The KC GOP has their conventions yesterday, and I don’t know how, but it was in “defiance” of the Top Two primary, according to the Seattle Times.
It shouldn’t be in defiance though, because the Top Two was never intended to be a way for the parties to nominate a candidate, just as a primary election before a general election. It is the parties that took the primaries and turned them into publicly funded nominating conventions.
Prior to the KC GOP convention, it looked like the GOPsters were going to have some party unity behind their only contested race, that the guy that didn’t get it would kindly step aside. It doesn’t look like that’s going to work out:
In the weeks before the convention, both Hammond and Dunn said they intended to abide by its outcome. But after yesterday’s vote, Dunn said he would file anyway, although he didn’t know whether he would do so as a Republican.

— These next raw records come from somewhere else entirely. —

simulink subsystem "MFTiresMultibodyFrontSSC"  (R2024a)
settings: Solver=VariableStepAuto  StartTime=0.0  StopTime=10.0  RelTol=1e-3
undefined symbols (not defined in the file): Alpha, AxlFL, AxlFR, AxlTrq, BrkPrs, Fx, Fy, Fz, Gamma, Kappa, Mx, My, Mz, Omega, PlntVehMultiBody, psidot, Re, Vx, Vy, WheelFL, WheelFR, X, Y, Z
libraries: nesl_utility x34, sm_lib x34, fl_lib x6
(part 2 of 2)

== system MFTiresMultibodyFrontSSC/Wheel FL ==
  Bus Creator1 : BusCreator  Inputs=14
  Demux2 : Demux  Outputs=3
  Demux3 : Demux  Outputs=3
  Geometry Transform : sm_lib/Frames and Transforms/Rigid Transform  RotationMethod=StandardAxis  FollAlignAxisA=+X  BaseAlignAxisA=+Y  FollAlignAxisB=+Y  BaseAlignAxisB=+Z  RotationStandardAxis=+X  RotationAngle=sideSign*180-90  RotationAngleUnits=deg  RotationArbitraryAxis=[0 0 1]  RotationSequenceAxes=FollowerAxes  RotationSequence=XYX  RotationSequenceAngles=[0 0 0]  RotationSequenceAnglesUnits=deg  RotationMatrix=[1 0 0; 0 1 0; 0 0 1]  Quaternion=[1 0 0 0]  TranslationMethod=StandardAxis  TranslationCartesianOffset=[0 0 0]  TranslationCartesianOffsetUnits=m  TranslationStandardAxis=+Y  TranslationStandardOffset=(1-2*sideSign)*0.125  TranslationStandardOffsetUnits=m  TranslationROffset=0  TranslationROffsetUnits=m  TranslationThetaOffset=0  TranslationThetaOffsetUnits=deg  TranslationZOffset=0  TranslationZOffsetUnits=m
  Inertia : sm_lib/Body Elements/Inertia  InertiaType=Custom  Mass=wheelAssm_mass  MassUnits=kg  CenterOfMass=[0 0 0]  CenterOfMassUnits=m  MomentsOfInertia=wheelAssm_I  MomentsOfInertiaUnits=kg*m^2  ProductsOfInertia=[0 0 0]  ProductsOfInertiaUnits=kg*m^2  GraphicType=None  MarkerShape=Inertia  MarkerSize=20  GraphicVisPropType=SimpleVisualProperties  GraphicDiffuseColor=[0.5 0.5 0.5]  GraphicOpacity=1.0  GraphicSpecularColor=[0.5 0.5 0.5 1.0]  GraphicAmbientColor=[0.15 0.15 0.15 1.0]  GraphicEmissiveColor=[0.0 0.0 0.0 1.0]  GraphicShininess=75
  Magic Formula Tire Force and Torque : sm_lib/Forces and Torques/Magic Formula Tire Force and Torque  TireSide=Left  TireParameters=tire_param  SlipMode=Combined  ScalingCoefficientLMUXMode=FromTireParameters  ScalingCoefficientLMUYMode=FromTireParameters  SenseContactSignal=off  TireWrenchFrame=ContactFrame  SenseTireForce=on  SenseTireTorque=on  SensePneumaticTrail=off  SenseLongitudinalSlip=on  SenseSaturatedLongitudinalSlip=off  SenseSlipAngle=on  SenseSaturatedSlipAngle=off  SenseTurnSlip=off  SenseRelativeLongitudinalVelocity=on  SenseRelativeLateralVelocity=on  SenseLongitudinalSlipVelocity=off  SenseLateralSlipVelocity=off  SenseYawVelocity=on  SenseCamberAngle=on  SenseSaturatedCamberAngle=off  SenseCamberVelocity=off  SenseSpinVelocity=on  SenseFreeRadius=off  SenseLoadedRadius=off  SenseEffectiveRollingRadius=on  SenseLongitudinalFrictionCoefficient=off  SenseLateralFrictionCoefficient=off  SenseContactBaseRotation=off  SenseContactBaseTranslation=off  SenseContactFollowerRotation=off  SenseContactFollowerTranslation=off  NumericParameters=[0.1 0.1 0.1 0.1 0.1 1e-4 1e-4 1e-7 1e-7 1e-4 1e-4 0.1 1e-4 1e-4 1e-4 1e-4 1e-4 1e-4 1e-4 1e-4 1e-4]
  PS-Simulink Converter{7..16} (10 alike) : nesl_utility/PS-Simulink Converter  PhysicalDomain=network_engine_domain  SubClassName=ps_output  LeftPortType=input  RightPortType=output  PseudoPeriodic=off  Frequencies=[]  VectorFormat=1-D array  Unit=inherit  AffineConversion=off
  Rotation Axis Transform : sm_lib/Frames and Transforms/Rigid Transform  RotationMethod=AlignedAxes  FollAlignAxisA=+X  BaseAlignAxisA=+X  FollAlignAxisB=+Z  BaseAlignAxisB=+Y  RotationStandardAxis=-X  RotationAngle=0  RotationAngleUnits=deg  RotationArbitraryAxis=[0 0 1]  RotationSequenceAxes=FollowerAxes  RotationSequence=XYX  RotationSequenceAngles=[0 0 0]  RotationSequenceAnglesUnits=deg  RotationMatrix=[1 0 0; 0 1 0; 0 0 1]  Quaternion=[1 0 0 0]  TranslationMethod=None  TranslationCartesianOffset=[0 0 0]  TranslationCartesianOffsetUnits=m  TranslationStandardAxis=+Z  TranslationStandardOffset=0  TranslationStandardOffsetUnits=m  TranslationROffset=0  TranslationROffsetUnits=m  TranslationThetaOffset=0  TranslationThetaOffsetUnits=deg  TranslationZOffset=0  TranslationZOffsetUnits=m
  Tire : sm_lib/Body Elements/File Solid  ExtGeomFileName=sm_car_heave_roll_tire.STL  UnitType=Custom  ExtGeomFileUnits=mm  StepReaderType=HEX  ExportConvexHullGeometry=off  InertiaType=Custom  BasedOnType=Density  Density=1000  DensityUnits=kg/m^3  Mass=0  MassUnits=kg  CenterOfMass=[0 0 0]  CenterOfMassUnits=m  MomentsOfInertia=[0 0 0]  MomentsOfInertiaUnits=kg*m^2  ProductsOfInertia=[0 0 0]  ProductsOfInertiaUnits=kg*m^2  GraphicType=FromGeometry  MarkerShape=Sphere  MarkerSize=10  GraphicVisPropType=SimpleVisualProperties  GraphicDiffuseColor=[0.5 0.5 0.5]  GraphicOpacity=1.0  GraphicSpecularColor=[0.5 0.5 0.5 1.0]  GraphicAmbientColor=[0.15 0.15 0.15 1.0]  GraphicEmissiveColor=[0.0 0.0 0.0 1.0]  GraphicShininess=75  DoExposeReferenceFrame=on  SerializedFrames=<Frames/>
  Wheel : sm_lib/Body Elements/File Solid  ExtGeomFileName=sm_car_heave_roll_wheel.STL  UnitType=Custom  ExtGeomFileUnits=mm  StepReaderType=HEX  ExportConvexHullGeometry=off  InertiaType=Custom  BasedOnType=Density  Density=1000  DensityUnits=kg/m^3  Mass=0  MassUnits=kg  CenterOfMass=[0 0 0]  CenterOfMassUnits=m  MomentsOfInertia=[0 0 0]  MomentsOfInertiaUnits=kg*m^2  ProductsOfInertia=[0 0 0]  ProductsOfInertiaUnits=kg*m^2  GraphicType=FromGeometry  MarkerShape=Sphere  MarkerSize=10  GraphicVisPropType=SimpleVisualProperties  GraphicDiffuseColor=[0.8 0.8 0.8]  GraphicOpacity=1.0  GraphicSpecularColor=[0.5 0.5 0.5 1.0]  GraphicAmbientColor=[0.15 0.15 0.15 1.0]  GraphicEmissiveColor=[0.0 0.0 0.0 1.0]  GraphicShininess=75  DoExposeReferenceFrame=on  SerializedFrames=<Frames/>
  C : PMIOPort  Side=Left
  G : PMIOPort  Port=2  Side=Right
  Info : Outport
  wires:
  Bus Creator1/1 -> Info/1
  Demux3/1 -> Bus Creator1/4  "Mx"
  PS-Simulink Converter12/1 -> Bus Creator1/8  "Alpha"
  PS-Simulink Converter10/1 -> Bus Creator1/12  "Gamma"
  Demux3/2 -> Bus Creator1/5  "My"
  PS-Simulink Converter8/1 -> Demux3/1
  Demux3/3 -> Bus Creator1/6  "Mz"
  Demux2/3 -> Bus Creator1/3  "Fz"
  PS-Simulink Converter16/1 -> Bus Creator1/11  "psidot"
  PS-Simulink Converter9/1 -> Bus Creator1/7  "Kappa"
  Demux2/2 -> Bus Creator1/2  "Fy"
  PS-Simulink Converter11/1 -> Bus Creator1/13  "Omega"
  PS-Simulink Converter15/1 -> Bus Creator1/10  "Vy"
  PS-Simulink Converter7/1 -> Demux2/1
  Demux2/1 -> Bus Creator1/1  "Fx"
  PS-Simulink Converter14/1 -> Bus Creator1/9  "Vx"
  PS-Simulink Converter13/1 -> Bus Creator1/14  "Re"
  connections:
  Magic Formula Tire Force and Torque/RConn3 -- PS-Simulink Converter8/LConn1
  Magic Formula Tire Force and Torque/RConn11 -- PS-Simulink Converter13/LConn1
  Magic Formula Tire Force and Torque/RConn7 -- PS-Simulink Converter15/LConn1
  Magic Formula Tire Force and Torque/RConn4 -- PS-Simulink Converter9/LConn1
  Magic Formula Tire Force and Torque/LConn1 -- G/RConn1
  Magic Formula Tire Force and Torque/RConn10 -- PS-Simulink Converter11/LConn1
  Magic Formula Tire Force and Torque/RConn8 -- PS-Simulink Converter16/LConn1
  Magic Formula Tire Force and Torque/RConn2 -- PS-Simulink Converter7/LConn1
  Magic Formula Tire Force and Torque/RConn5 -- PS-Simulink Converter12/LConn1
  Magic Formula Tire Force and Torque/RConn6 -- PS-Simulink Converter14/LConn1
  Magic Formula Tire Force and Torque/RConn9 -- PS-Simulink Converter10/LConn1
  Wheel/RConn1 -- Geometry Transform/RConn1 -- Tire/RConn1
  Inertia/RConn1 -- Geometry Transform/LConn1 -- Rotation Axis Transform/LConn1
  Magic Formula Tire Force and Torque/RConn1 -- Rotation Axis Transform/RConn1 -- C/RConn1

“I can’t abandon this campaign because of 24 votes in June,” he said, referring to Hammond’s victory margin (and getting his math slightly wrong).
This is going to be awesome. Either the son of Jennifer Dunn, Washington GOP god, and namesake of modern GOP god, will either run against a Republican as a libertarian or independent OR he’ll stand up to his own party’s asinine position that only they get to say who a Republican is.
Personally, I hope he does the later. Political parties shouldn’t be private clubs were only the members (or short of some level of participation, the leaders) get to say who belongs. If a nomination actually mattered, if who the party supported actually mattered, they wouldn’t care if I moved to King County and ran as a Republican. They would know that their resources, their money and volunteer base would be enough to a nominee. But they know that a big name like Reagan Dunn could pull in more money and get more volunteers than another lesser known candidate that just so happens to be the nominee of a party.
The solution isn’t to kick out the candidate that can out organize an entire county political party, but to actually build a better party, one that can raise money, raise volunteers and actually mean something to a nominee aside from a court-ordered “R” or “D” next to their name.